Die Grüne Stadtratsfraktion in Augsburg sieht sich aufgrund der schrecklichen Ereignisse in Japan in ihrer Position bestätigt, dass die nur 40 km von Augsburg entfernten Atomreaktoren in Gundremmingen dringend abgeschaltet werden müssen. Die Grüne Fraktion erinnert an ihren Antrag vom September letzten Jahres im Kontext der Diskussion um die Laufzeitverlängerung. Schon damals war der Stadtrat aufgerufen, in einer Resolution das Ende der Atomkraft in Gundremmingen zu fordern. Zu diesem Antrag wurde vom Umweltausschuss zwar eine von allen Fraktionen verlangte Anhörung durchgeführt, allerdings konnte sich die Regierungsmehrheit bisher der Forderung nach schnellstmöglicher Abschaltung der Reaktoren in Gundremmingen nicht anschließen. Deshalb hat die Grüne Fraktion den Antrag erneut in den Stadtrat eingebracht.
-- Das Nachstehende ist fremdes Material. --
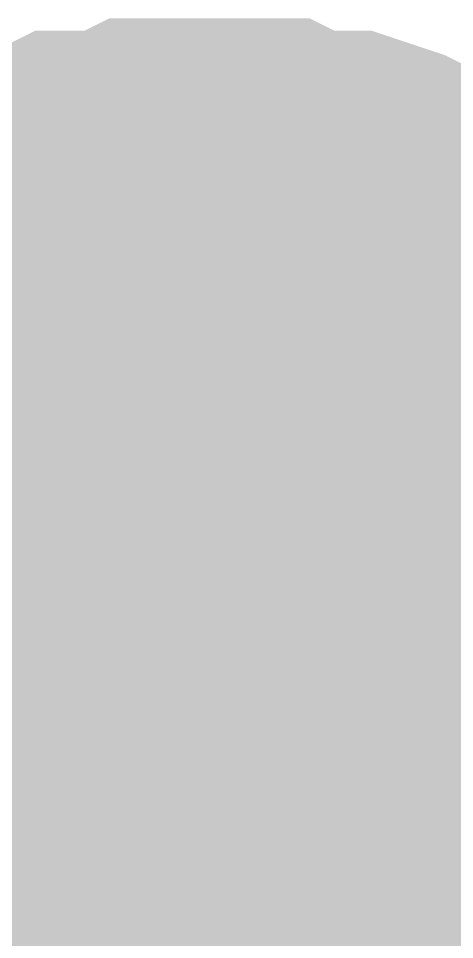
# Model space of a CAD drawing. Header units: inches. Extents: x 0 to 432, y 0 to 280.
# Drawn here: x 64.852 to 65.249, y 208.085 to 208.925 of the extents above; entities that cross this region are included whole.
import ezdxf

# ---------------------------------------------------------------- set-up
doc = ezdxf.new("R2010")
doc.units = ezdxf.units.IN
doc.layers.add('Sheet', color=255, linetype='Continuous')

msp = doc.modelspace()

# ---------------------------------------------------------------- linework, layer by layer
at = {"layer": 'Sheet'}
for points in [[(64.70037, 208.66284, 0.29972, 0.29972, 0), (64.72283, 208.67407, 0.29972, 0.29972, 0), (64.74529, 208.6853, 0.29972, 0.29972, 0), (64.76775, 208.70776, 0.29972, 0.29972, 0), (64.77898, 208.71899, 0.29972, 0.29972, 0), (64.80145, 208.73022, 0.29972, 0.29972, 0), (64.82391, 208.73022, 0.29972, 0.29972, 0), (64.84637, 208.74145, 0.29972, 0.29972, 0), (64.88006, 208.75268, 0.29972, 0.29972, 0), (64.90252, 208.76391, 0.29972, 0.29972, 0), (64.92498, 208.76391, 0.29972, 0.29972, 0), (64.94745, 208.76391, 0.29972, 0.29972, 0), (64.96991, 208.77514, 0.29972, 0.29972, 0), (65.0036, 208.77514, 0.29972, 0.29972, 0), (65.02606, 208.77514, 0.29972, 0.29972, 0)], [(64.70037, 208.66284, 0.29972, 0.29972, 0), (64.72283, 208.67407, 0.29972, 0.29972, 0), (64.74529, 208.6853, 0.29972, 0.29972, 0), (64.76775, 208.70776, 0.29972, 0.29972, 0), (64.77898, 208.71899, 0.29972, 0.29972, 0), (64.80145, 208.73022, 0.29972, 0.29972, 0), (64.82391, 208.73022, 0.29972, 0.29972, 0), (64.84637, 208.74145, 0.29972, 0.29972, 0), (64.88006, 208.75268, 0.29972, 0.29972, 0), (64.90252, 208.76391, 0.29972, 0.29972, 0), (64.92498, 208.76391, 0.29972, 0.29972, 0), (64.94745, 208.76391, 0.29972, 0.29972, 0), (64.96991, 208.77514, 0.29972, 0.29972, 0), (65.0036, 208.77514, 0.29972, 0.29972, 0), (65.02606, 208.77514, 0.29972, 0.29972, 0)], [(64.70037, 208.66284, 0.29972, 0.29972, 0), (64.72283, 208.67407, 0.29972, 0.29972, 0), (64.74529, 208.6853, 0.29972, 0.29972, 0), (64.76775, 208.70776, 0.29972, 0.29972, 0), (64.77898, 208.71899, 0.29972, 0.29972, 0), (64.80145, 208.73022, 0.29972, 0.29972, 0), (64.82391, 208.73022, 0.29972, 0.29972, 0), (64.84637, 208.74145, 0.29972, 0.29972, 0), (64.88006, 208.75268, 0.29972, 0.29972, 0), (64.90252, 208.76391, 0.29972, 0.29972, 0), (64.92498, 208.76391, 0.29972, 0.29972, 0), (64.94745, 208.76391, 0.29972, 0.29972, 0), (64.96991, 208.77514, 0.29972, 0.29972, 0), (65.0036, 208.77514, 0.29972, 0.29972, 0), (65.02606, 208.77514, 0.29972, 0.29972, 0)], [(64.70037, 208.66284, 0.29972, 0.29972, 0), (64.72283, 208.67407, 0.29972, 0.29972, 0), (64.74529, 208.6853, 0.29972, 0.29972, 0), (64.76775, 208.70776, 0.29972, 0.29972, 0), (64.77898, 208.71899, 0.29972, 0.29972, 0), (64.80145, 208.73022, 0.29972, 0.29972, 0), (64.82391, 208.73022, 0.29972, 0.29972, 0), (64.84637, 208.74145, 0.29972, 0.29972, 0), (64.88006, 208.75268, 0.29972, 0.29972, 0), (64.90252, 208.76391, 0.29972, 0.29972, 0), (64.92498, 208.76391, 0.29972, 0.29972, 0), (64.94745, 208.76391, 0.29972, 0.29972, 0), (64.96991, 208.77514, 0.29972, 0.29972, 0), (65.0036, 208.77514, 0.29972, 0.29972, 0), (65.02606, 208.77514, 0.29972, 0.29972, 0)], [(64.70037, 208.66284, 0.29972, 0.29972, 0), (64.72283, 208.67407, 0.29972, 0.29972, 0), (64.74529, 208.6853, 0.29972, 0.29972, 0), (64.76775, 208.70776, 0.29972, 0.29972, 0), (64.77898, 208.71899, 0.29972, 0.29972, 0), (64.80145, 208.73022, 0.29972, 0.29972, 0), (64.82391, 208.73022, 0.29972, 0.29972, 0), (64.84637, 208.74145, 0.29972, 0.29972, 0), (64.88006, 208.75268, 0.29972, 0.29972, 0), (64.90252, 208.76391, 0.29972, 0.29972, 0), (64.92498, 208.76391, 0.29972, 0.29972, 0), (64.94745, 208.76391, 0.29972, 0.29972, 0), (64.96991, 208.77514, 0.29972, 0.29972, 0), (65.0036, 208.77514, 0.29972, 0.29972, 0), (65.02606, 208.77514, 0.29972, 0.29972, 0)], [(64.70037, 208.66284, 0.29972, 0.29972, 0), (64.72283, 208.67407, 0.29972, 0.29972, 0), (64.74529, 208.6853, 0.29972, 0.29972, 0), (64.76775, 208.70776, 0.29972, 0.29972, 0), (64.77898, 208.71899, 0.29972, 0.29972, 0), (64.80145, 208.73022, 0.29972, 0.29972, 0), (64.82391, 208.73022, 0.29972, 0.29972, 0), (64.84637, 208.74145, 0.29972, 0.29972, 0), (64.88006, 208.75268, 0.29972, 0.29972, 0), (64.90252, 208.76391, 0.29972, 0.29972, 0), (64.92498, 208.76391, 0.29972, 0.29972, 0), (64.94745, 208.76391, 0.29972, 0.29972, 0), (64.96991, 208.77514, 0.29972, 0.29972, 0), (65.0036, 208.77514, 0.29972, 0.29972, 0), (65.02606, 208.77514, 0.29972, 0.29972, 0)], [(64.70037, 208.66284, 0.29972, 0.29972, 0), (64.72283, 208.67407, 0.29972, 0.29972, 0), (64.74529, 208.6853, 0.29972, 0.29972, 0), (64.76775, 208.70776, 0.29972, 0.29972, 0), (64.77898, 208.71899, 0.29972, 0.29972, 0), (64.80145, 208.73022, 0.29972, 0.29972, 0), (64.82391, 208.73022, 0.29972, 0.29972, 0), (64.84637, 208.74145, 0.29972, 0.29972, 0), (64.88006, 208.75268, 0.29972, 0.29972, 0), (64.90252, 208.76391, 0.29972, 0.29972, 0), (64.92498, 208.76391, 0.29972, 0.29972, 0), (64.94745, 208.76391, 0.29972, 0.29972, 0), (64.96991, 208.77514, 0.29972, 0.29972, 0), (65.0036, 208.77514, 0.29972, 0.29972, 0), (65.02606, 208.77514, 0.29972, 0.29972, 0)], [(65.02606, 208.77514, 0.29972, 0.29972, 0), (65.02606, 208.77514, 0.29972, 0.29972, 0)], [(65.02606, 208.77514, 0.29972, 0.29972, 0), (65.04852, 208.77514, 0.29972, 0.29972, 0), (65.08221, 208.77514, 0.29972, 0.29972, 0), (65.10468, 208.76391, 0.29972, 0.29972, 0), (65.12714, 208.76391, 0.29972, 0.29972, 0), (65.1496, 208.76391, 0.29972, 0.29972, 0), (65.18329, 208.75268, 0.29972, 0.29972, 0), (65.20575, 208.74145, 0.29972, 0.29972, 0), (65.22821, 208.73022, 0.29972, 0.29972, 0), (65.25068, 208.73022, 0.29972, 0.29972, 0), (65.27314, 208.71899, 0.29972, 0.29972, 0), (65.2956, 208.70776, 0.29972, 0.29972, 0), (65.31806, 208.6853, 0.29972, 0.29972, 0), (65.32929, 208.67407, 0.29972, 0.29972, 0), (65.35175, 208.66284, 0.29972, 0.29972, 0), (65.37421, 208.64038, 0.29972, 0.29972, 0), (65.38545, 208.62915, 0.29972, 0.29972, 0), (65.40791, 208.60669, 0.29972, 0.29972, 0)], [(65.02606, 208.77514, 0.29972, 0.29972, 0), (65.02606, 208.77514, 0.29972, 0.29972, 0)], [(65.02606, 208.77514, 0.29972, 0.29972, 0), (65.04852, 208.77514, 0.29972, 0.29972, 0), (65.08221, 208.77514, 0.29972, 0.29972, 0), (65.10468, 208.76391, 0.29972, 0.29972, 0), (65.12714, 208.76391, 0.29972, 0.29972, 0), (65.1496, 208.76391, 0.29972, 0.29972, 0), (65.18329, 208.75268, 0.29972, 0.29972, 0), (65.20575, 208.74145, 0.29972, 0.29972, 0), (65.22821, 208.73022, 0.29972, 0.29972, 0), (65.25068, 208.73022, 0.29972, 0.29972, 0), (65.27314, 208.71899, 0.29972, 0.29972, 0), (65.2956, 208.70776, 0.29972, 0.29972, 0), (65.31806, 208.6853, 0.29972, 0.29972, 0), (65.32929, 208.67407, 0.29972, 0.29972, 0), (65.35175, 208.66284, 0.29972, 0.29972, 0), (65.37421, 208.64038, 0.29972, 0.29972, 0), (65.38545, 208.62915, 0.29972, 0.29972, 0), (65.40791, 208.60669, 0.29972, 0.29972, 0)], [(65.02606, 208.77514, 0.29972, 0.29972, 0), (65.02606, 208.77514, 0.29972, 0.29972, 0)], [(65.02606, 208.77514, 0.29972, 0.29972, 0), (65.04852, 208.77514, 0.29972, 0.29972, 0), (65.08221, 208.77514, 0.29972, 0.29972, 0), (65.10468, 208.76391, 0.29972, 0.29972, 0), (65.12714, 208.76391, 0.29972, 0.29972, 0), (65.1496, 208.76391, 0.29972, 0.29972, 0), (65.18329, 208.75268, 0.29972, 0.29972, 0), (65.20575, 208.74145, 0.29972, 0.29972, 0), (65.22821, 208.73022, 0.29972, 0.29972, 0), (65.25068, 208.73022, 0.29972, 0.29972, 0), (65.27314, 208.71899, 0.29972, 0.29972, 0), (65.2956, 208.70776, 0.29972, 0.29972, 0), (65.31806, 208.6853, 0.29972, 0.29972, 0), (65.32929, 208.67407, 0.29972, 0.29972, 0), (65.35175, 208.66284, 0.29972, 0.29972, 0), (65.37421, 208.64038, 0.29972, 0.29972, 0), (65.38545, 208.62915, 0.29972, 0.29972, 0), (65.40791, 208.60669, 0.29972, 0.29972, 0)], [(65.02606, 208.77514, 0.29972, 0.29972, 0), (65.02606, 208.77514, 0.29972, 0.29972, 0)], [(65.02606, 208.77514, 0.29972, 0.29972, 0), (65.04852, 208.77514, 0.29972, 0.29972, 0), (65.08221, 208.77514, 0.29972, 0.29972, 0), (65.10468, 208.76391, 0.29972, 0.29972, 0), (65.12714, 208.76391, 0.29972, 0.29972, 0), (65.1496, 208.76391, 0.29972, 0.29972, 0), (65.18329, 208.75268, 0.29972, 0.29972, 0), (65.20575, 208.74145, 0.29972, 0.29972, 0), (65.22821, 208.73022, 0.29972, 0.29972, 0), (65.25068, 208.73022, 0.29972, 0.29972, 0), (65.27314, 208.71899, 0.29972, 0.29972, 0), (65.2956, 208.70776, 0.29972, 0.29972, 0), (65.31806, 208.6853, 0.29972, 0.29972, 0), (65.32929, 208.67407, 0.29972, 0.29972, 0), (65.35175, 208.66284, 0.29972, 0.29972, 0), (65.37421, 208.64038, 0.29972, 0.29972, 0), (65.38545, 208.62915, 0.29972, 0.29972, 0), (65.40791, 208.60669, 0.29972, 0.29972, 0)], [(65.02606, 208.77514, 0.29972, 0.29972, 0), (65.02606, 208.77514, 0.29972, 0.29972, 0)], [(65.02606, 208.77514, 0.29972, 0.29972, 0), (65.04852, 208.77514, 0.29972, 0.29972, 0), (65.08221, 208.77514, 0.29972, 0.29972, 0), (65.10468, 208.76391, 0.29972, 0.29972, 0), (65.12714, 208.76391, 0.29972, 0.29972, 0), (65.1496, 208.76391, 0.29972, 0.29972, 0), (65.18329, 208.75268, 0.29972, 0.29972, 0), (65.20575, 208.74145, 0.29972, 0.29972, 0), (65.22821, 208.73022, 0.29972, 0.29972, 0), (65.25068, 208.73022, 0.29972, 0.29972, 0), (65.27314, 208.71899, 0.29972, 0.29972, 0), (65.2956, 208.70776, 0.29972, 0.29972, 0), (65.31806, 208.6853, 0.29972, 0.29972, 0), (65.32929, 208.67407, 0.29972, 0.29972, 0), (65.35175, 208.66284, 0.29972, 0.29972, 0), (65.37421, 208.64038, 0.29972, 0.29972, 0), (65.38545, 208.62915, 0.29972, 0.29972, 0), (65.40791, 208.60669, 0.29972, 0.29972, 0)], [(65.02606, 208.77514, 0.29972, 0.29972, 0), (65.02606, 208.77514, 0.29972, 0.29972, 0)], [(65.02606, 208.77514, 0.29972, 0.29972, 0), (65.04852, 208.77514, 0.29972, 0.29972, 0), (65.08221, 208.77514, 0.29972, 0.29972, 0), (65.10468, 208.76391, 0.29972, 0.29972, 0), (65.12714, 208.76391, 0.29972, 0.29972, 0), (65.1496, 208.76391, 0.29972, 0.29972, 0), (65.18329, 208.75268, 0.29972, 0.29972, 0), (65.20575, 208.74145, 0.29972, 0.29972, 0), (65.22821, 208.73022, 0.29972, 0.29972, 0), (65.25068, 208.73022, 0.29972, 0.29972, 0), (65.27314, 208.71899, 0.29972, 0.29972, 0), (65.2956, 208.70776, 0.29972, 0.29972, 0), (65.31806, 208.6853, 0.29972, 0.29972, 0), (65.32929, 208.67407, 0.29972, 0.29972, 0), (65.35175, 208.66284, 0.29972, 0.29972, 0), (65.37421, 208.64038, 0.29972, 0.29972, 0), (65.38545, 208.62915, 0.29972, 0.29972, 0), (65.40791, 208.60669, 0.29972, 0.29972, 0)], [(65.02606, 208.77514, 0.29972, 0.29972, 0), (65.02606, 208.77514, 0.29972, 0.29972, 0)], [(65.02606, 208.77514, 0.29972, 0.29972, 0), (65.04852, 208.77514, 0.29972, 0.29972, 0), (65.08221, 208.77514, 0.29972, 0.29972, 0), (65.10468, 208.76391, 0.29972, 0.29972, 0), (65.12714, 208.76391, 0.29972, 0.29972, 0), (65.1496, 208.76391, 0.29972, 0.29972, 0), (65.18329, 208.75268, 0.29972, 0.29972, 0), (65.20575, 208.74145, 0.29972, 0.29972, 0), (65.22821, 208.73022, 0.29972, 0.29972, 0), (65.25068, 208.73022, 0.29972, 0.29972, 0), (65.27314, 208.71899, 0.29972, 0.29972, 0), (65.2956, 208.70776, 0.29972, 0.29972, 0), (65.31806, 208.6853, 0.29972, 0.29972, 0), (65.32929, 208.67407, 0.29972, 0.29972, 0), (65.35175, 208.66284, 0.29972, 0.29972, 0), (65.37421, 208.64038, 0.29972, 0.29972, 0), (65.38545, 208.62915, 0.29972, 0.29972, 0), (65.40791, 208.60669, 0.29972, 0.29972, 0)], [(64.80145, 208.73022, 0.09906, 0.09906, 0), (64.82391, 208.73022, 0.09906, 0.09906, 0), (64.84637, 208.74145, 0.09906, 0.09906, 0), (64.88006, 208.75268, 0.09906, 0.09906, 0), (64.90252, 208.76391, 0.09906, 0.09906, 0), (64.92498, 208.76391, 0.09906, 0.09906, 0), (64.94745, 208.76391, 0.09906, 0.09906, 0), (64.96991, 208.77514, 0.09906, 0.09906, 0), (65.0036, 208.77514, 0.09906, 0.09906, 0), (65.02606, 208.77514, 0.09906, 0.09906, 0)], [(64.80145, 208.73022, 0.09906, 0.09906, 0), (64.82391, 208.73022, 0.09906, 0.09906, 0), (64.84637, 208.74145, 0.09906, 0.09906, 0), (64.88006, 208.75268, 0.09906, 0.09906, 0), (64.90252, 208.76391, 0.09906, 0.09906, 0), (64.92498, 208.76391, 0.09906, 0.09906, 0), (64.94745, 208.76391, 0.09906, 0.09906, 0), (64.96991, 208.77514, 0.09906, 0.09906, 0), (65.0036, 208.77514, 0.09906, 0.09906, 0), (65.02606, 208.77514, 0.09906, 0.09906, 0)], [(64.80145, 208.73022, 0.09906, 0.09906, 0), (64.82391, 208.73022, 0.09906, 0.09906, 0), (64.84637, 208.74145, 0.09906, 0.09906, 0), (64.88006, 208.75268, 0.09906, 0.09906, 0), (64.90252, 208.76391, 0.09906, 0.09906, 0), (64.92498, 208.76391, 0.09906, 0.09906, 0), (64.94745, 208.76391, 0.09906, 0.09906, 0), (64.96991, 208.77514, 0.09906, 0.09906, 0), (65.0036, 208.77514, 0.09906, 0.09906, 0), (65.02606, 208.77514, 0.09906, 0.09906, 0)], [(64.80145, 208.73022, 0.09906, 0.09906, 0), (64.82391, 208.73022, 0.09906, 0.09906, 0), (64.84637, 208.74145, 0.09906, 0.09906, 0), (64.88006, 208.75268, 0.09906, 0.09906, 0), (64.90252, 208.76391, 0.09906, 0.09906, 0), (64.92498, 208.76391, 0.09906, 0.09906, 0), (64.94745, 208.76391, 0.09906, 0.09906, 0), (64.96991, 208.77514, 0.09906, 0.09906, 0), (65.0036, 208.77514, 0.09906, 0.09906, 0), (65.02606, 208.77514, 0.09906, 0.09906, 0)], [(64.80145, 208.73022, 0.09906, 0.09906, 0), (64.82391, 208.73022, 0.09906, 0.09906, 0), (64.84637, 208.74145, 0.09906, 0.09906, 0), (64.88006, 208.75268, 0.09906, 0.09906, 0), (64.90252, 208.76391, 0.09906, 0.09906, 0), (64.92498, 208.76391, 0.09906, 0.09906, 0), (64.94745, 208.76391, 0.09906, 0.09906, 0), (64.96991, 208.77514, 0.09906, 0.09906, 0), (65.0036, 208.77514, 0.09906, 0.09906, 0), (65.02606, 208.77514, 0.09906, 0.09906, 0)], [(64.80145, 208.73022, 0.09906, 0.09906, 0), (64.82391, 208.73022, 0.09906, 0.09906, 0), (64.84637, 208.74145, 0.09906, 0.09906, 0), (64.88006, 208.75268, 0.09906, 0.09906, 0), (64.90252, 208.76391, 0.09906, 0.09906, 0), (64.92498, 208.76391, 0.09906, 0.09906, 0), (64.94745, 208.76391, 0.09906, 0.09906, 0), (64.96991, 208.77514, 0.09906, 0.09906, 0), (65.0036, 208.77514, 0.09906, 0.09906, 0), (65.02606, 208.77514, 0.09906, 0.09906, 0)], [(64.80145, 208.73022, 0.09906, 0.09906, 0), (64.82391, 208.73022, 0.09906, 0.09906, 0), (64.84637, 208.74145, 0.09906, 0.09906, 0), (64.88006, 208.75268, 0.09906, 0.09906, 0), (64.90252, 208.76391, 0.09906, 0.09906, 0), (64.92498, 208.76391, 0.09906, 0.09906, 0), (64.94745, 208.76391, 0.09906, 0.09906, 0), (64.96991, 208.77514, 0.09906, 0.09906, 0), (65.0036, 208.77514, 0.09906, 0.09906, 0), (65.02606, 208.77514, 0.09906, 0.09906, 0)], [(65.02606, 208.77514, 0.09906, 0.09906, 0), (65.02606, 208.77514, 0.09906, 0.09906, 0)], [(65.02606, 208.77514, 0.09906, 0.09906, 0), (65.04852, 208.77514, 0.09906, 0.09906, 0), (65.08221, 208.77514, 0.09906, 0.09906, 0), (65.10468, 208.76391, 0.09906, 0.09906, 0), (65.12714, 208.76391, 0.09906, 0.09906, 0), (65.1496, 208.76391, 0.09906, 0.09906, 0), (65.18329, 208.75268, 0.09906, 0.09906, 0), (65.20575, 208.74145, 0.09906, 0.09906, 0), (65.22821, 208.73022, 0.09906, 0.09906, 0), (65.25068, 208.73022, 0.09906, 0.09906, 0), (65.27314, 208.71899, 0.09906, 0.09906, 0), (65.2956, 208.70776, 0.09906, 0.09906, 0), (65.31806, 208.6853, 0.09906, 0.09906, 0)], [(65.02606, 208.77514, 0.09906, 0.09906, 0), (65.02606, 208.77514, 0.09906, 0.09906, 0)], [(65.02606, 208.77514, 0.09906, 0.09906, 0), (65.04852, 208.77514, 0.09906, 0.09906, 0), (65.08221, 208.77514, 0.09906, 0.09906, 0), (65.10468, 208.76391, 0.09906, 0.09906, 0), (65.12714, 208.76391, 0.09906, 0.09906, 0), (65.1496, 208.76391, 0.09906, 0.09906, 0), (65.18329, 208.75268, 0.09906, 0.09906, 0), (65.20575, 208.74145, 0.09906, 0.09906, 0), (65.22821, 208.73022, 0.09906, 0.09906, 0), (65.25068, 208.73022, 0.09906, 0.09906, 0), (65.27314, 208.71899, 0.09906, 0.09906, 0), (65.2956, 208.70776, 0.09906, 0.09906, 0), (65.31806, 208.6853, 0.09906, 0.09906, 0)], [(65.02606, 208.77514, 0.09906, 0.09906, 0), (65.02606, 208.77514, 0.09906, 0.09906, 0)], [(65.02606, 208.77514, 0.09906, 0.09906, 0), (65.04852, 208.77514, 0.09906, 0.09906, 0), (65.08221, 208.77514, 0.09906, 0.09906, 0), (65.10468, 208.76391, 0.09906, 0.09906, 0), (65.12714, 208.76391, 0.09906, 0.09906, 0), (65.1496, 208.76391, 0.09906, 0.09906, 0), (65.18329, 208.75268, 0.09906, 0.09906, 0), (65.20575, 208.74145, 0.09906, 0.09906, 0), (65.22821, 208.73022, 0.09906, 0.09906, 0), (65.25068, 208.73022, 0.09906, 0.09906, 0), (65.27314, 208.71899, 0.09906, 0.09906, 0), (65.2956, 208.70776, 0.09906, 0.09906, 0), (65.31806, 208.6853, 0.09906, 0.09906, 0)], [(65.02606, 208.77514, 0.09906, 0.09906, 0), (65.02606, 208.77514, 0.09906, 0.09906, 0)], [(65.02606, 208.77514, 0.09906, 0.09906, 0), (65.04852, 208.77514, 0.09906, 0.09906, 0), (65.08221, 208.77514, 0.09906, 0.09906, 0), (65.10468, 208.76391, 0.09906, 0.09906, 0), (65.12714, 208.76391, 0.09906, 0.09906, 0), (65.1496, 208.76391, 0.09906, 0.09906, 0), (65.18329, 208.75268, 0.09906, 0.09906, 0), (65.20575, 208.74145, 0.09906, 0.09906, 0), (65.22821, 208.73022, 0.09906, 0.09906, 0), (65.25068, 208.73022, 0.09906, 0.09906, 0), (65.27314, 208.71899, 0.09906, 0.09906, 0), (65.2956, 208.70776, 0.09906, 0.09906, 0), (65.31806, 208.6853, 0.09906, 0.09906, 0)], [(65.02606, 208.77514, 0.09906, 0.09906, 0), (65.02606, 208.77514, 0.09906, 0.09906, 0)], [(65.02606, 208.77514, 0.09906, 0.09906, 0), (65.04852, 208.77514, 0.09906, 0.09906, 0), (65.08221, 208.77514, 0.09906, 0.09906, 0), (65.10468, 208.76391, 0.09906, 0.09906, 0), (65.12714, 208.76391, 0.09906, 0.09906, 0), (65.1496, 208.76391, 0.09906, 0.09906, 0), (65.18329, 208.75268, 0.09906, 0.09906, 0), (65.20575, 208.74145, 0.09906, 0.09906, 0), (65.22821, 208.73022, 0.09906, 0.09906, 0), (65.25068, 208.73022, 0.09906, 0.09906, 0), (65.27314, 208.71899, 0.09906, 0.09906, 0), (65.2956, 208.70776, 0.09906, 0.09906, 0), (65.31806, 208.6853, 0.09906, 0.09906, 0)], [(65.02606, 208.77514, 0.09906, 0.09906, 0), (65.02606, 208.77514, 0.09906, 0.09906, 0)], [(65.02606, 208.77514, 0.09906, 0.09906, 0), (65.04852, 208.77514, 0.09906, 0.09906, 0), (65.08221, 208.77514, 0.09906, 0.09906, 0), (65.10468, 208.76391, 0.09906, 0.09906, 0), (65.12714, 208.76391, 0.09906, 0.09906, 0), (65.1496, 208.76391, 0.09906, 0.09906, 0), (65.18329, 208.75268, 0.09906, 0.09906, 0), (65.20575, 208.74145, 0.09906, 0.09906, 0), (65.22821, 208.73022, 0.09906, 0.09906, 0), (65.25068, 208.73022, 0.09906, 0.09906, 0), (65.27314, 208.71899, 0.09906, 0.09906, 0), (65.2956, 208.70776, 0.09906, 0.09906, 0), (65.31806, 208.6853, 0.09906, 0.09906, 0)], [(65.02606, 208.77514, 0.09906, 0.09906, 0), (65.02606, 208.77514, 0.09906, 0.09906, 0)], [(65.02606, 208.77514, 0.09906, 0.09906, 0), (65.04852, 208.77514, 0.09906, 0.09906, 0), (65.08221, 208.77514, 0.09906, 0.09906, 0), (65.10468, 208.76391, 0.09906, 0.09906, 0), (65.12714, 208.76391, 0.09906, 0.09906, 0), (65.1496, 208.76391, 0.09906, 0.09906, 0), (65.18329, 208.75268, 0.09906, 0.09906, 0), (65.20575, 208.74145, 0.09906, 0.09906, 0), (65.22821, 208.73022, 0.09906, 0.09906, 0), (65.25068, 208.73022, 0.09906, 0.09906, 0), (65.27314, 208.71899, 0.09906, 0.09906, 0), (65.2956, 208.70776, 0.09906, 0.09906, 0), (65.31806, 208.6853, 0.09906, 0.09906, 0)], [(59.94976, 208.26979, 0.29972, 0.29972, 0), (65.02606, 208.26979, 0.29972, 0.29972, 0)], [(65.02606, 208.26979, 0.29972, 0.29972, 0), (83.32096, 208.26979, 0.29972, 0.29972, 0), (96.52832, 208.26979, 0.29972, 0.29972, 0)], [(119.38291, 91.43387, 0.29972, 0.29972, 0), (65.02606, 91.43387, 0.29972, 0.29972, 0), (65.02606, 208.26979, 0.29972, 0.29972, 0)]]:
    msp.add_lwpolyline(points, format="xyseb", dxfattribs=at)
msp.add_lwpolyline([(64.77, 208.28, 0.508, 0.508, 1), (65.278, 208.28, 0.508, 0.508, 1)], format="xyseb", close=True, dxfattribs=at)

doc.saveas('drawing.dxf')

Für die Grüne Fraktion steht fest, dass auch Bayern so schnell wie möglich von der Atomenergie unabhängig werden muss. Reiner Erben: „Die Ereignisse in Japan haben leider bestätigt, dass Atomenergie Risiken erzeugt, die letztlich nicht beherrschbar sind. Deshalb müssen auch im Interesse Augsburgs die Blöcke B und C in Gundremmingen endlich abgeschaltet werden. Der Stadtrat muss dazu ein eindeutiges Zeichen setzen!“
Die Forderung nach einem schnellstmöglichen Abschalten der Reaktoren in Gundremmingen wird aus Sicherheitsgründen gefordert und aufgrund der Tatsache, dass in jeder Betriebsstunde eines AKWs hochgiftiger Atommüll produziert wird, für dessen Entsorgung es nach wie vor keine Lösung gibt. Deshalb werden in Gundremmingen, ca. 40 km Luftlinie von Augsburg entfernt, über 1.500 Brennelemente in einem ungenügend gesicherten Zwischenlager aufbewahrt. Reiner Erben: „Es ist unverantwortlich zu den riesigen Mengen von Atommüll weiteren giftigen Abfall hinzuzufügen und diesen schlecht gesichert zwischenzulagern.“
Die Piratenpartei sagt übrigens zum Thema:
Es ist an der Zeit einen Schlußstrich zu ziehen unter das Kapitel Atomenergie in Deutschland und zum ursprünglichen Ausstieg zurückzukehren, der einen ordentlichen Übergang zu einer neuen Energieinfrastruktur ermöglicht und die Risiken und Belastungen durch den verbleibenden Betrieb der Atomkraftwerke begrenzt.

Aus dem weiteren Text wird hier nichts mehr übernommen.